## THE DATA
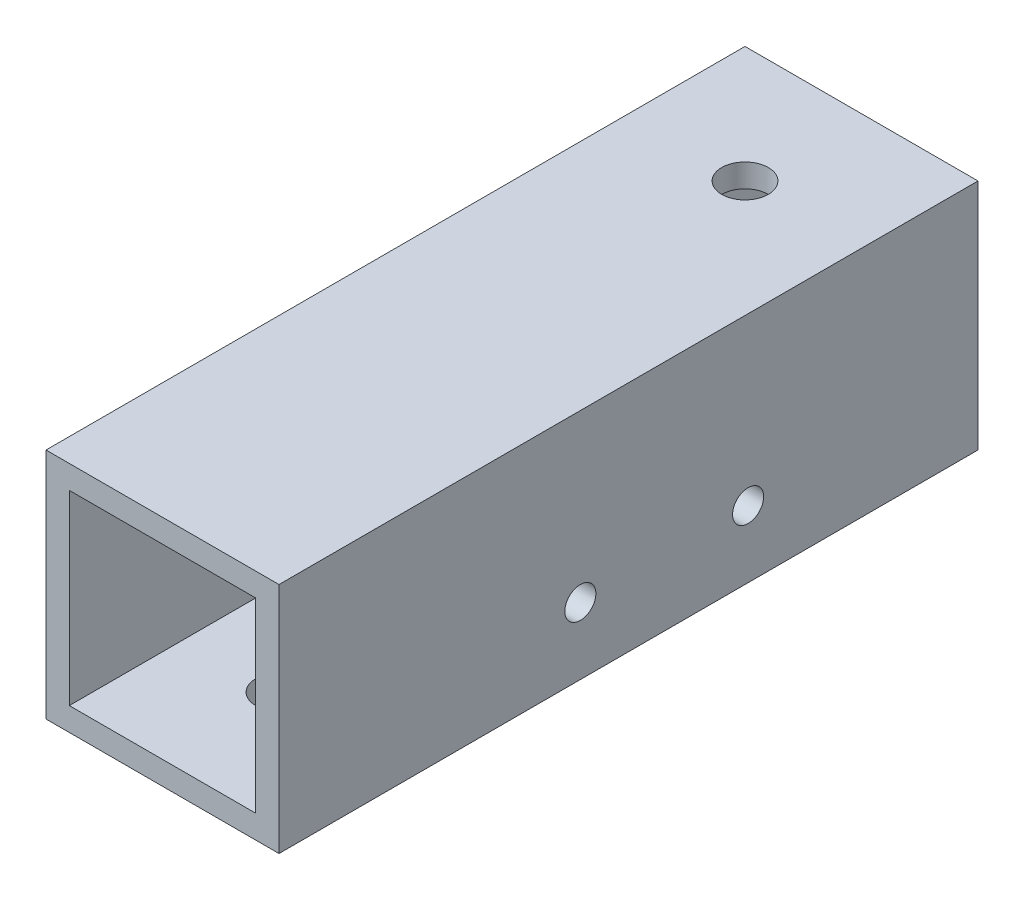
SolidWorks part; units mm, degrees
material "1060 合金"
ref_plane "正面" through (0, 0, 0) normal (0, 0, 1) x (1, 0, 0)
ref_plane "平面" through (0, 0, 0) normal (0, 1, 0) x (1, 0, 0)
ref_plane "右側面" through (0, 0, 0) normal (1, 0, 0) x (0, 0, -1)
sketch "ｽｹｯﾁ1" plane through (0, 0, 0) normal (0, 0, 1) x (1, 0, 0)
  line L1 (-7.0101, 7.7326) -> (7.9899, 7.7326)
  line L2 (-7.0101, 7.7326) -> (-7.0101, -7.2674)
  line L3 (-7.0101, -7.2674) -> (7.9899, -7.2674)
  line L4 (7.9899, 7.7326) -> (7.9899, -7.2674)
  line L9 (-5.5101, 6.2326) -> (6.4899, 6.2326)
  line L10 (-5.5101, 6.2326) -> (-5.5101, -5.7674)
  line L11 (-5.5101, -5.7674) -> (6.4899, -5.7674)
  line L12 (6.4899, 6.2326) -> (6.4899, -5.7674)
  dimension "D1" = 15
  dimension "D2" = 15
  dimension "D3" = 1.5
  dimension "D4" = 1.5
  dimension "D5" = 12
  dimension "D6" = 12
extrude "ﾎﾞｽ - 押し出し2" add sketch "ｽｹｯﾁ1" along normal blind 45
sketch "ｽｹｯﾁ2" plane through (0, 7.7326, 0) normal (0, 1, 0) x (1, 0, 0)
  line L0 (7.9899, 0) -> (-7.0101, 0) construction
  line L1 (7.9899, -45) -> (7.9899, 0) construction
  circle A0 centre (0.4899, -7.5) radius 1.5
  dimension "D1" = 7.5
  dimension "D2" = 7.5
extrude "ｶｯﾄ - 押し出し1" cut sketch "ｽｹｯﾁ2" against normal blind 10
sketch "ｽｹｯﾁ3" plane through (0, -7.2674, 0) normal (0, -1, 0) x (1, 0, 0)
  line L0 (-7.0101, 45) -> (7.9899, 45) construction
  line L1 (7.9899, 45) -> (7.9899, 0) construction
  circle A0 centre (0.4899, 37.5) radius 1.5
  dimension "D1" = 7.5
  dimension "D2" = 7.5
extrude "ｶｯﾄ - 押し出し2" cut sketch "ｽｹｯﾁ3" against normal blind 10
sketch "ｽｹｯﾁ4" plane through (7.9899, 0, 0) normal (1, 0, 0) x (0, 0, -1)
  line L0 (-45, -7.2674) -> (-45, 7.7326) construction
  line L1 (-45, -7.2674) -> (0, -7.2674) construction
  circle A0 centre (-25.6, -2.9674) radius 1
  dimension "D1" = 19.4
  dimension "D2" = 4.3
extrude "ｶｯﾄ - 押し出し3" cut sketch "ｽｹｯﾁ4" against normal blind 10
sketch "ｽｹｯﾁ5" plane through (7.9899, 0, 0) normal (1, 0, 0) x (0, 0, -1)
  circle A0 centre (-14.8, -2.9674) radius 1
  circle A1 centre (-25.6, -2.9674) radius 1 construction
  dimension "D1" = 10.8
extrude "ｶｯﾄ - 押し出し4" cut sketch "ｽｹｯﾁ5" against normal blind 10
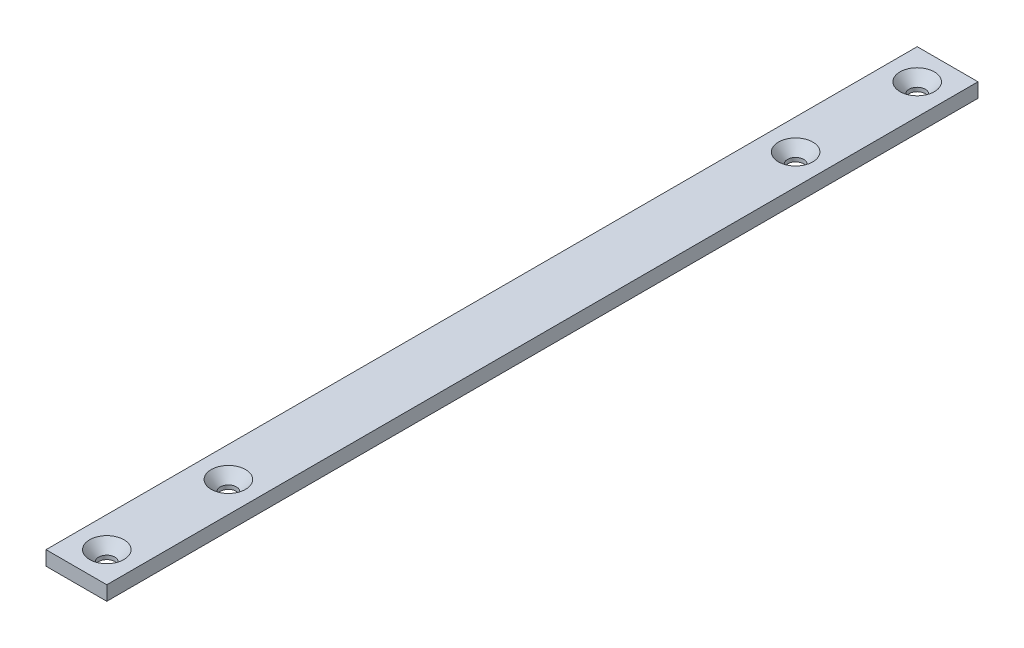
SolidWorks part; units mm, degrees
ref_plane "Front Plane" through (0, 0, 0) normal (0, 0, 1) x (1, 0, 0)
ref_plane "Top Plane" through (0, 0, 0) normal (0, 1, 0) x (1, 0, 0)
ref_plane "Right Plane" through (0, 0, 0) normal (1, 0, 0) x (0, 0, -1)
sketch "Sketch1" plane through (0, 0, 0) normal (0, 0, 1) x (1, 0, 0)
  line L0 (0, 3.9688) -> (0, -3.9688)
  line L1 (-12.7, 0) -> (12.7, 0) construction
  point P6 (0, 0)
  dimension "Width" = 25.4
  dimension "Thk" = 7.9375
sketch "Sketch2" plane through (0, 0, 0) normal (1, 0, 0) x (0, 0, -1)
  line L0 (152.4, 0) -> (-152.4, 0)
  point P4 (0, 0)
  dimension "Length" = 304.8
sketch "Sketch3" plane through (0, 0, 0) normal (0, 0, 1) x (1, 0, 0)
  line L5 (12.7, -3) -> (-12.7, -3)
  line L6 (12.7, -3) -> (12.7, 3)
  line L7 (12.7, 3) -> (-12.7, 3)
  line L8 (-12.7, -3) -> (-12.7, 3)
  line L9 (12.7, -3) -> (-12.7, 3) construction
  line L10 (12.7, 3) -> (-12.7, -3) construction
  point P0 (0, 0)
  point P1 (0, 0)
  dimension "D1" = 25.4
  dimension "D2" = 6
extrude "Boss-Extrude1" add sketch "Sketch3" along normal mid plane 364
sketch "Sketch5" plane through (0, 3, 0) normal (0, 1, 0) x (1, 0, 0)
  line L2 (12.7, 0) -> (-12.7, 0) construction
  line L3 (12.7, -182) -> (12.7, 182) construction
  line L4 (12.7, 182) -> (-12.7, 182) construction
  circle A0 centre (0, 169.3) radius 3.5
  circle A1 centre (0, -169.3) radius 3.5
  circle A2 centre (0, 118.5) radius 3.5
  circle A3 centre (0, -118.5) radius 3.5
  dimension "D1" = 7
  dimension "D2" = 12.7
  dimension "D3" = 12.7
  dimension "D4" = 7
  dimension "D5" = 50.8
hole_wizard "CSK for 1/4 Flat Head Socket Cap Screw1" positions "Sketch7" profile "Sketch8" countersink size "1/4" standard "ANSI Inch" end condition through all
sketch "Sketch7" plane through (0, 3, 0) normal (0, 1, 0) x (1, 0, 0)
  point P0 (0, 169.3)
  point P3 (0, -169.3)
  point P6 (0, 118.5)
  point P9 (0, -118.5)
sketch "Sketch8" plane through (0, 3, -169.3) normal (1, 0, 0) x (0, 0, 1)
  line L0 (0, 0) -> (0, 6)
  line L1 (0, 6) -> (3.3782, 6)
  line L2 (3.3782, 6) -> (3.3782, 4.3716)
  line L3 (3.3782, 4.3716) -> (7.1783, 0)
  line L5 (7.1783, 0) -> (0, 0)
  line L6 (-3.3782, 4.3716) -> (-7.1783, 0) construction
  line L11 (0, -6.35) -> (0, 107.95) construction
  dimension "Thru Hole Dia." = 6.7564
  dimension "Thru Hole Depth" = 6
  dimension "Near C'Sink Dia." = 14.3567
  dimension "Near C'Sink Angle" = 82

## DIRECTIONS FOR THIS TASK
All lines in the listing above with the string "against" should be returned.

## ANSWER BOX
extrude "ｶｯﾄ - 押し出し1" cut sketch "ｽｹｯﾁ2" against normal blind 10
extrude "ｶｯﾄ - 押し出し2" cut sketch "ｽｹｯﾁ3" against normal blind 10
extrude "ｶｯﾄ - 押し出し3" cut sketch "ｽｹｯﾁ4" against normal blind 10
extrude "ｶｯﾄ - 押し出し4" cut sketch "ｽｹｯﾁ5" against normal blind 10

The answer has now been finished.